# REQUIREMENT:
For this exercise, output exactly and only the lines running from the one with "your slave does" through the final line of the data below, without pictures.
[Opening DATASET RECORDS section]
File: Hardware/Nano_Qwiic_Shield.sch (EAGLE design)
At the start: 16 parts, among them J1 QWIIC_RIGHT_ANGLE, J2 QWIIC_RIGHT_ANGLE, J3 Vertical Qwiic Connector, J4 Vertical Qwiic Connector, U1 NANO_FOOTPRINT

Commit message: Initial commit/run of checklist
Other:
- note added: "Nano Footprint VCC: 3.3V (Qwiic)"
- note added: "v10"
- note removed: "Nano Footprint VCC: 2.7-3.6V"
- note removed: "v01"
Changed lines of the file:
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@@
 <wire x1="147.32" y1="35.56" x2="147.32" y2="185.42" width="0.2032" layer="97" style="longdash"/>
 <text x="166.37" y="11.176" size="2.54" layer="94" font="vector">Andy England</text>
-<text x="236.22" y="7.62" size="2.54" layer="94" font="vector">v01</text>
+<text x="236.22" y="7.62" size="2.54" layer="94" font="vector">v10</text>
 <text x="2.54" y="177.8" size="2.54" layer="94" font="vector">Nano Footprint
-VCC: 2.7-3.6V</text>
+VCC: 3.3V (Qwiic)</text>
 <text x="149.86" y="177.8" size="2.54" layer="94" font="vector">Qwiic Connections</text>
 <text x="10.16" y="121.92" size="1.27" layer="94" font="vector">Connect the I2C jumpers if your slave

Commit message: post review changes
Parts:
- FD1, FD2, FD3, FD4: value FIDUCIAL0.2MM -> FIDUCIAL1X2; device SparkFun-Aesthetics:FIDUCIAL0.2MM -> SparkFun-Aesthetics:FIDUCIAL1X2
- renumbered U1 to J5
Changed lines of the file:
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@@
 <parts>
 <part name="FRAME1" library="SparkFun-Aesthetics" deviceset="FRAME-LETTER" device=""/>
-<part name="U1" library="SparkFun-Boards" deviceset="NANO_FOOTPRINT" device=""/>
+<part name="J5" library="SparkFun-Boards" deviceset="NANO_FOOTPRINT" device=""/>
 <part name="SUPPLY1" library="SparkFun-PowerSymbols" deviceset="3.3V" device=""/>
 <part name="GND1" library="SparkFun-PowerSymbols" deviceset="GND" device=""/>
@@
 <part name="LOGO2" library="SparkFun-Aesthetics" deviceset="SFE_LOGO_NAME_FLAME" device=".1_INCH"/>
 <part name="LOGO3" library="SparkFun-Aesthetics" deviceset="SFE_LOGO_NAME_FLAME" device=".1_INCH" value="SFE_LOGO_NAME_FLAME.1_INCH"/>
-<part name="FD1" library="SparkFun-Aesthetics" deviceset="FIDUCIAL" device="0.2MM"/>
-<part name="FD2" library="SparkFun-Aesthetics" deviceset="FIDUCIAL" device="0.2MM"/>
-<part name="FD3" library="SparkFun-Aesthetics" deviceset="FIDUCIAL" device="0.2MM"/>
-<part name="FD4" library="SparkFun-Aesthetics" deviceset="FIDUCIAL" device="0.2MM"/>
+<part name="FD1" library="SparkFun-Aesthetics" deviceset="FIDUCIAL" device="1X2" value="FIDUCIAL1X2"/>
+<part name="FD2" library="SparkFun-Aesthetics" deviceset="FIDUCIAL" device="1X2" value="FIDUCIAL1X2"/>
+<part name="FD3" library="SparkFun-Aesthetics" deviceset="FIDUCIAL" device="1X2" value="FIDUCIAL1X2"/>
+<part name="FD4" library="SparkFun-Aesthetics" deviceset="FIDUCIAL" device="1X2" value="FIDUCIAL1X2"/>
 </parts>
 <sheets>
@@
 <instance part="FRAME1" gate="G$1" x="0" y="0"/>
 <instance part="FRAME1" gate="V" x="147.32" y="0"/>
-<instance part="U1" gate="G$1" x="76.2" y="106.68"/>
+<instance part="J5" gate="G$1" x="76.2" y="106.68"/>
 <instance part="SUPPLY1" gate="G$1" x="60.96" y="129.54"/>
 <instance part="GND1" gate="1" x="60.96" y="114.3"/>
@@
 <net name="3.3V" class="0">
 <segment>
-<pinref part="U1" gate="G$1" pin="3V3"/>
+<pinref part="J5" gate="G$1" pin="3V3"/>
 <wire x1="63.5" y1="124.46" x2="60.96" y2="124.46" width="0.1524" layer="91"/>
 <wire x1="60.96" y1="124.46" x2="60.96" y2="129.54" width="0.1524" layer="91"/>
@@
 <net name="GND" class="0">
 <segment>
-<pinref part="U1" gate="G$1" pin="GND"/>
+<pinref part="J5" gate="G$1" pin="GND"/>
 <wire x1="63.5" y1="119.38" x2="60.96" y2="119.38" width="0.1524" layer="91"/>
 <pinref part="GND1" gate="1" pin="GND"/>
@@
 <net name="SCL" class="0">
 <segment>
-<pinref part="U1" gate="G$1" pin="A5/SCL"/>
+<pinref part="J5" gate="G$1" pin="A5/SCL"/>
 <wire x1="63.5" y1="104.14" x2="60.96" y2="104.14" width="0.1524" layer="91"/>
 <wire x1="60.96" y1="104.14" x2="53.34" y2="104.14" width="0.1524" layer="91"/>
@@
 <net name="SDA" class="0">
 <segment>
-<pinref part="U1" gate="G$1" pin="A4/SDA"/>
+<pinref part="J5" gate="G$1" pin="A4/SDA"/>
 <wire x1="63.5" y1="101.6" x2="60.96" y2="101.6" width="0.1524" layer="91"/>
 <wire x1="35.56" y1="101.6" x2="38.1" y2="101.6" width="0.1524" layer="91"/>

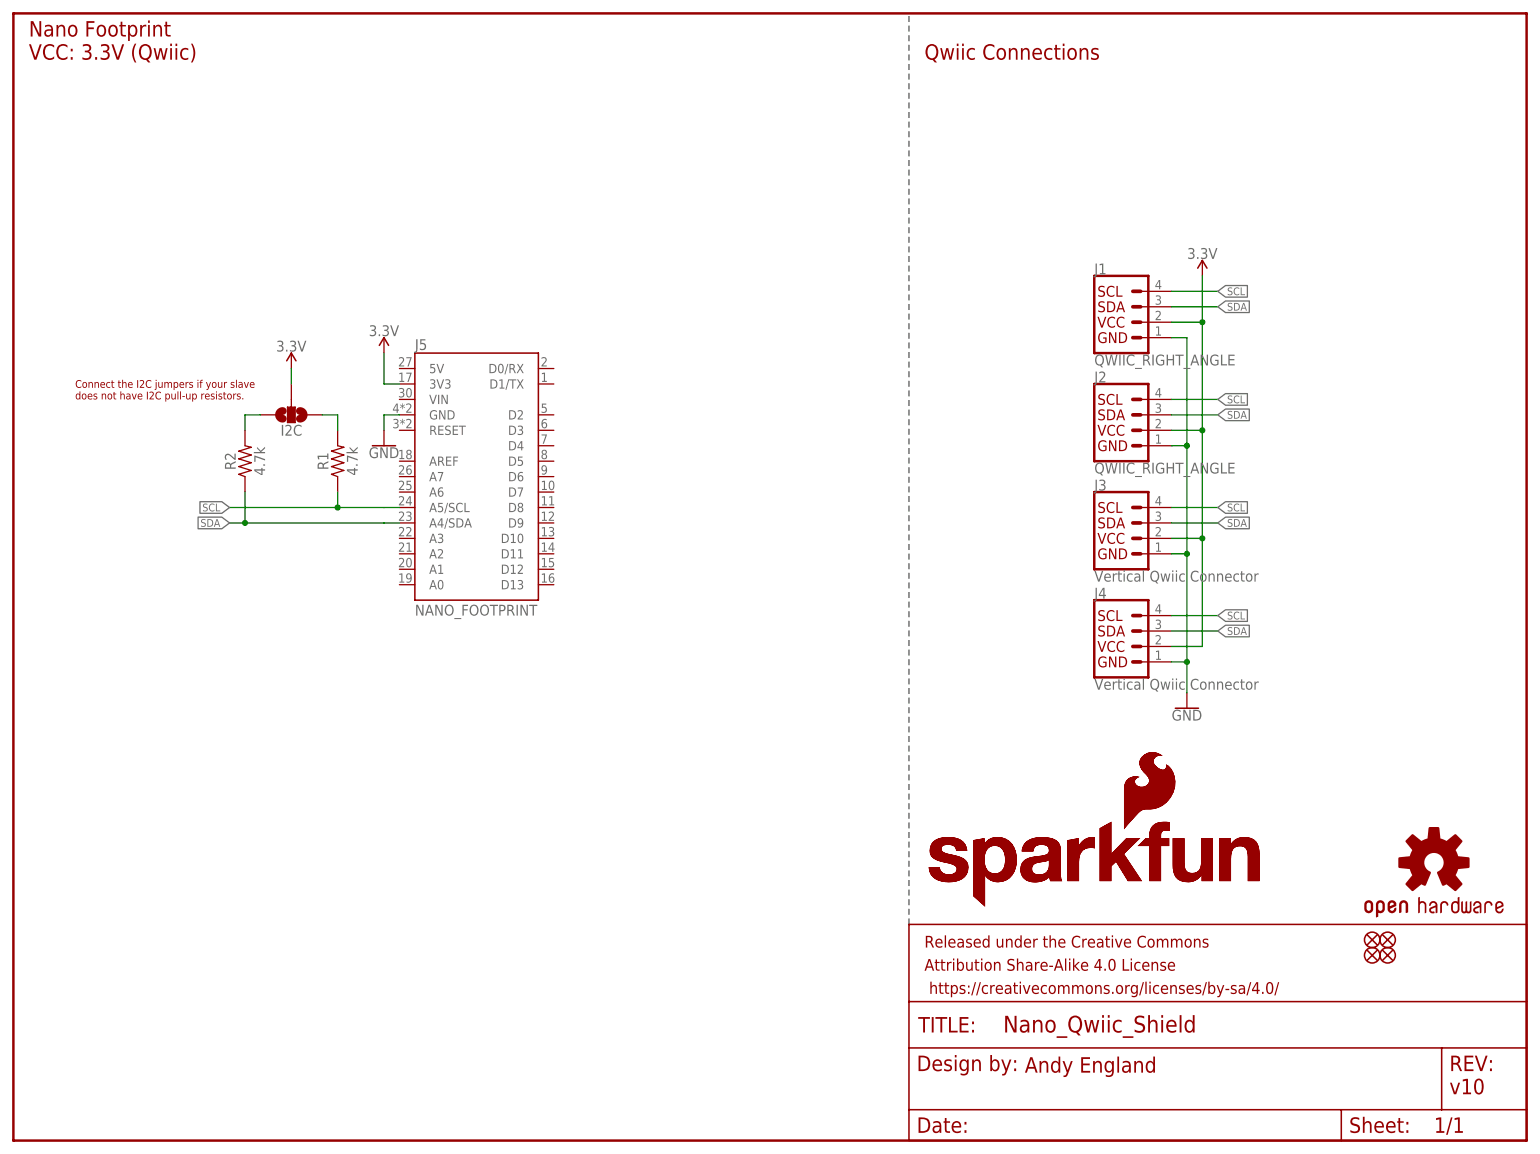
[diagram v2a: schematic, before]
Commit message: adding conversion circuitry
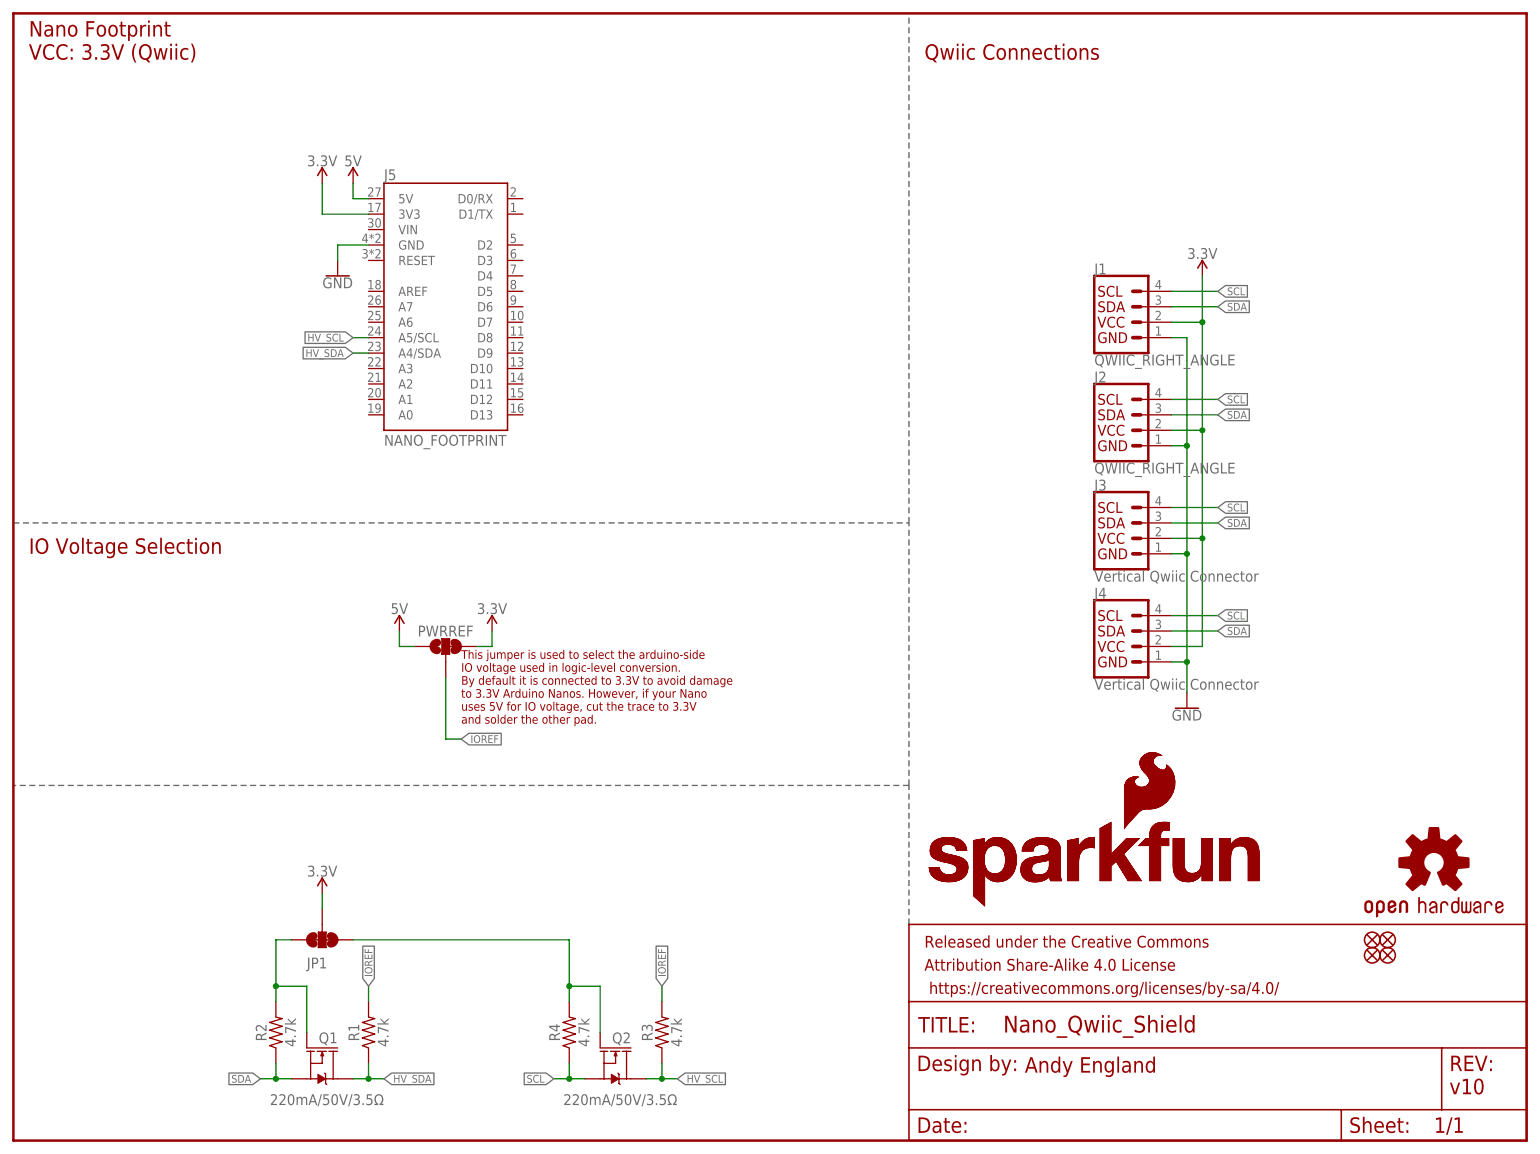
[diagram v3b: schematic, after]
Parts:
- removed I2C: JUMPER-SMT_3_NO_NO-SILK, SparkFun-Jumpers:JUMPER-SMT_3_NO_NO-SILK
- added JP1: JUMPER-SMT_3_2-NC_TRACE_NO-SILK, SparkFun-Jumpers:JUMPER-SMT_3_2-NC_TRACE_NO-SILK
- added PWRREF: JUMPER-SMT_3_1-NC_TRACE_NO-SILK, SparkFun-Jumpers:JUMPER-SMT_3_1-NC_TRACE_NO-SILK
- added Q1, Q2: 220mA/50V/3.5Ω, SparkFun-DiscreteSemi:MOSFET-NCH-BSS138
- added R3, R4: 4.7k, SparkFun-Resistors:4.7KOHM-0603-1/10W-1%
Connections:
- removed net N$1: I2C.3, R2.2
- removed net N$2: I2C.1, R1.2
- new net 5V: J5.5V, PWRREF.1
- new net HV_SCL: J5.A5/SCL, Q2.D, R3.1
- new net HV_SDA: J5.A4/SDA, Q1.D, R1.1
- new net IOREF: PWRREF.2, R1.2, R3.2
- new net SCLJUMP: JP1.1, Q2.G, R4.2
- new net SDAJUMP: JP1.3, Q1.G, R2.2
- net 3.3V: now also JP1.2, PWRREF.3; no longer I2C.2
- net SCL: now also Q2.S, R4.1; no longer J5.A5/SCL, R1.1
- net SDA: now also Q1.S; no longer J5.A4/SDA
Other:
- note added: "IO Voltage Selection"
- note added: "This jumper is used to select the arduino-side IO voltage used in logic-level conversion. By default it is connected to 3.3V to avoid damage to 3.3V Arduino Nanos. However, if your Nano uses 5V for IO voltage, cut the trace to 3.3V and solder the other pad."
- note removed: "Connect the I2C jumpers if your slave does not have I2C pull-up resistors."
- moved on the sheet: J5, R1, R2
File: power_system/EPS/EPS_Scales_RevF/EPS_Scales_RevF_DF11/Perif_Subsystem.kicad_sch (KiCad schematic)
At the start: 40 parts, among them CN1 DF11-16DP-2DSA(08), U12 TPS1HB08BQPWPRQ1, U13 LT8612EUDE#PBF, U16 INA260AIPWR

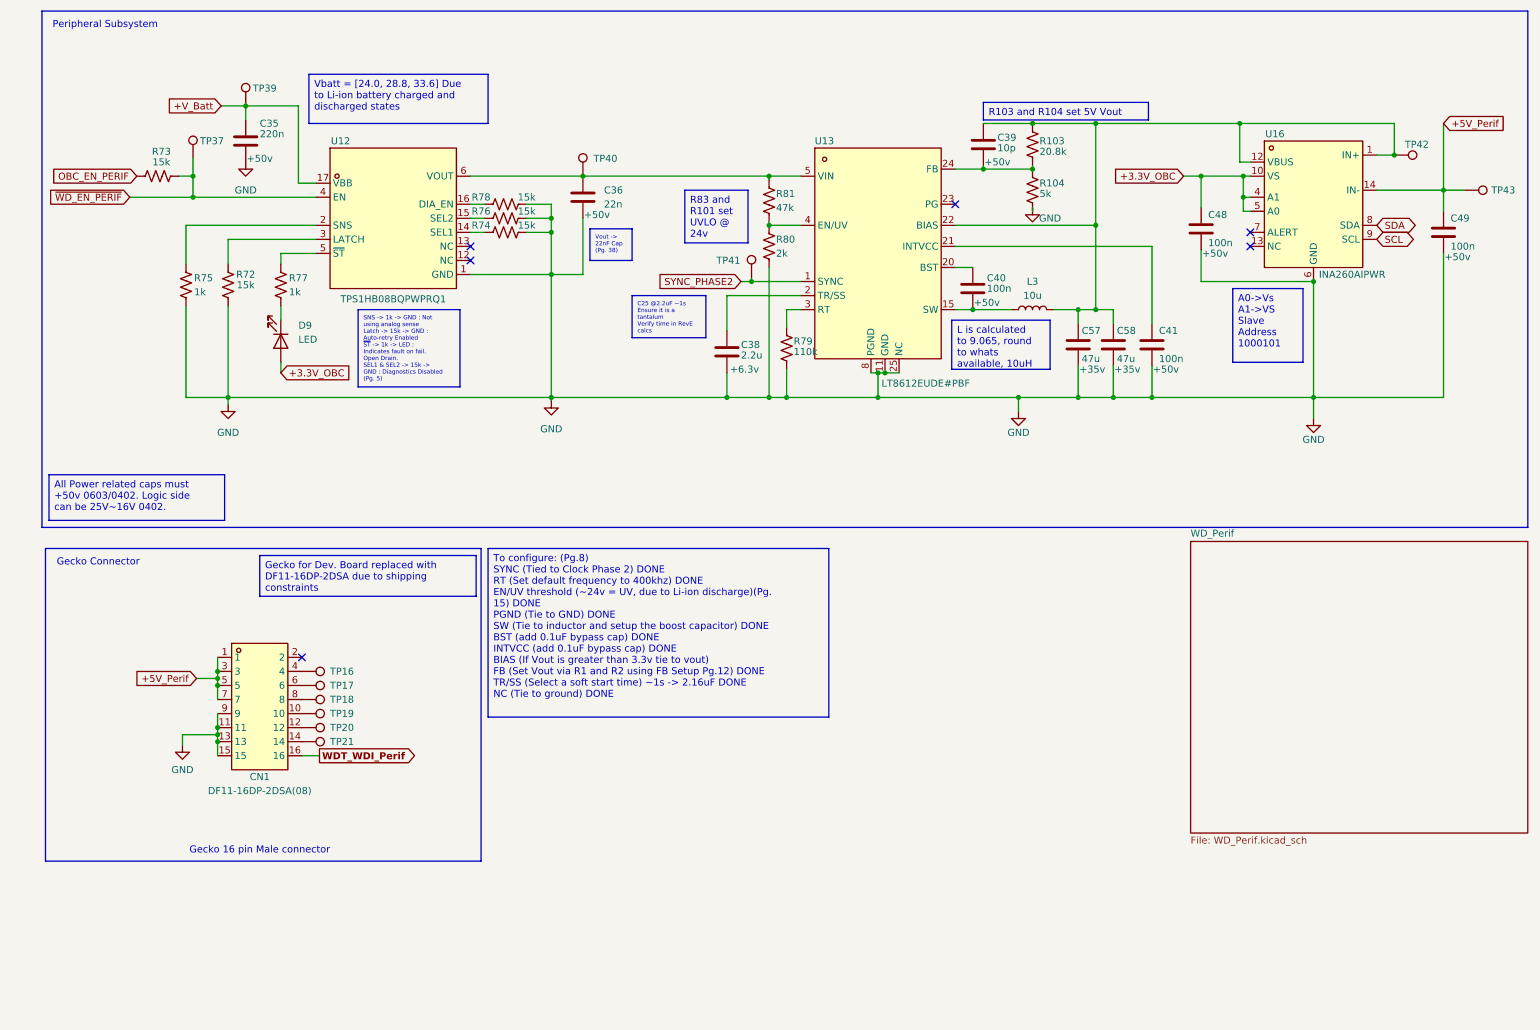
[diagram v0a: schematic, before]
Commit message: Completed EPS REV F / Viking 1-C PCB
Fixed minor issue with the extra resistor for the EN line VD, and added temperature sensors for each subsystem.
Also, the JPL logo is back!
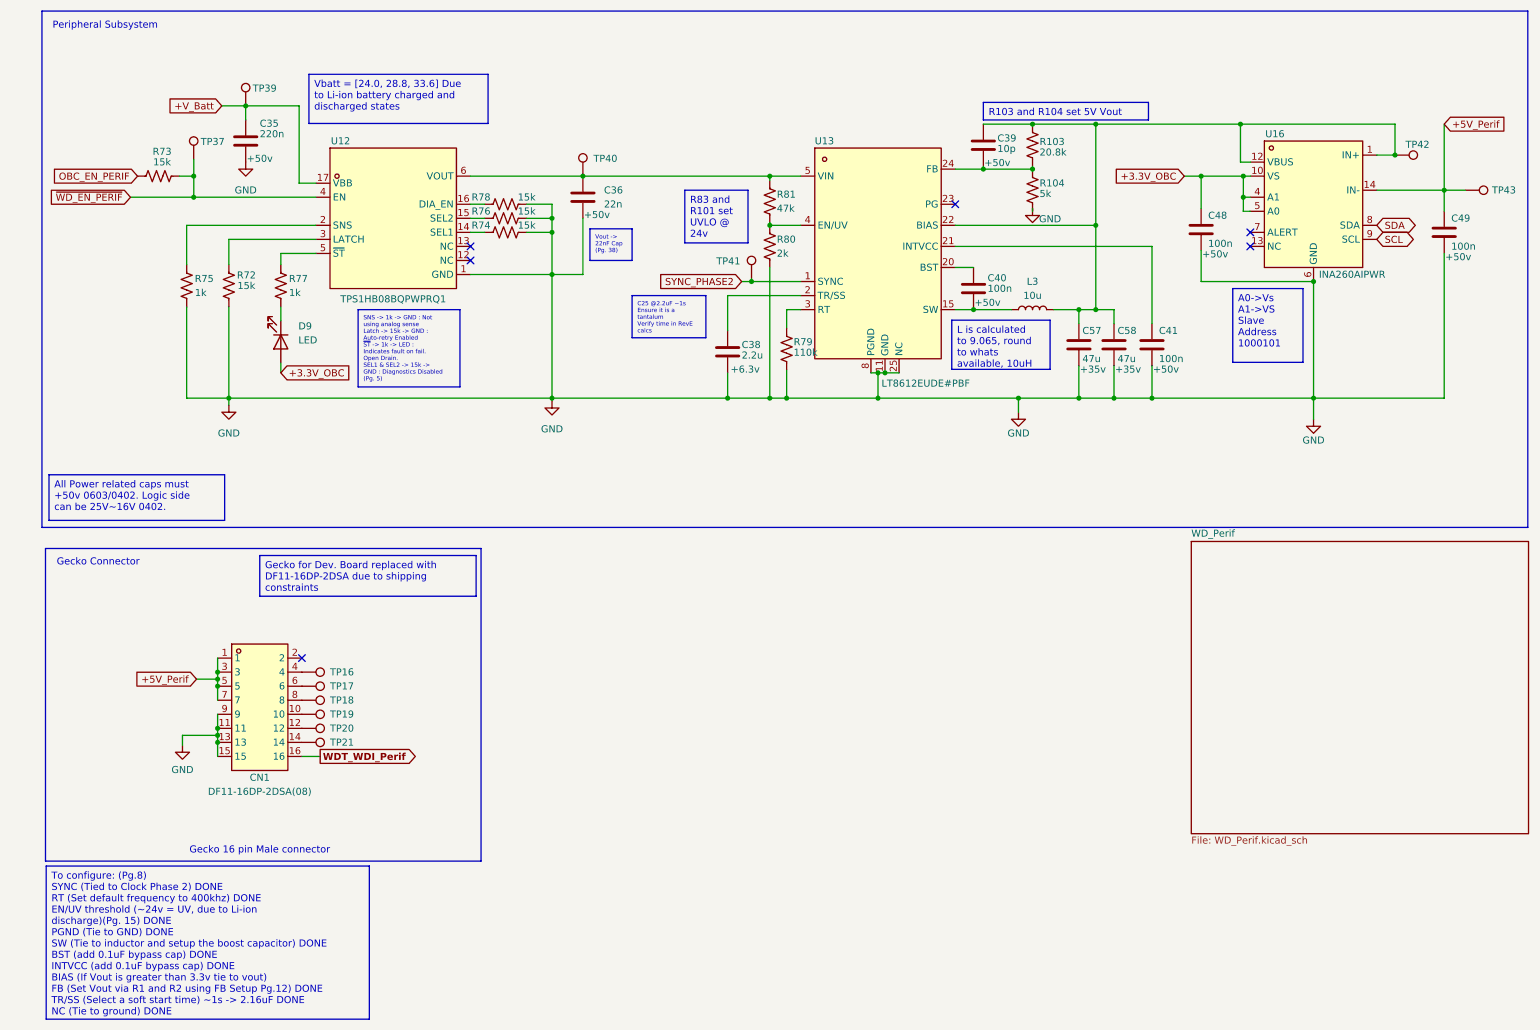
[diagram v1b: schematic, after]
[Closing DATASET RECORDS section]
# ANSWER SECTION:
- note removed: "Connect the I2C jumpers if your slave does not have I2C pull-up resistors."
- moved on the sheet: J5, R1, R2
File: power_system/EPS/EPS_Scales_RevF/EPS_Scales_RevF_DF11/Perif_Subsystem.kicad_sch (KiCad schematic)
At the start: 40 parts, among them CN1 DF11-16DP-2DSA(08), U12 TPS1HB08BQPWPRQ1, U13 LT8612EUDE#PBF, U16 INA260AIPWR

[diagram v0a: schematic, before]
Commit message: Completed EPS REV F / Viking 1-C PCB
Fixed minor issue with the extra resistor for the EN line VD, and added temperature sensors for each subsystem.
Also, the JPL logo is back!
[diagram v1b: schematic, after]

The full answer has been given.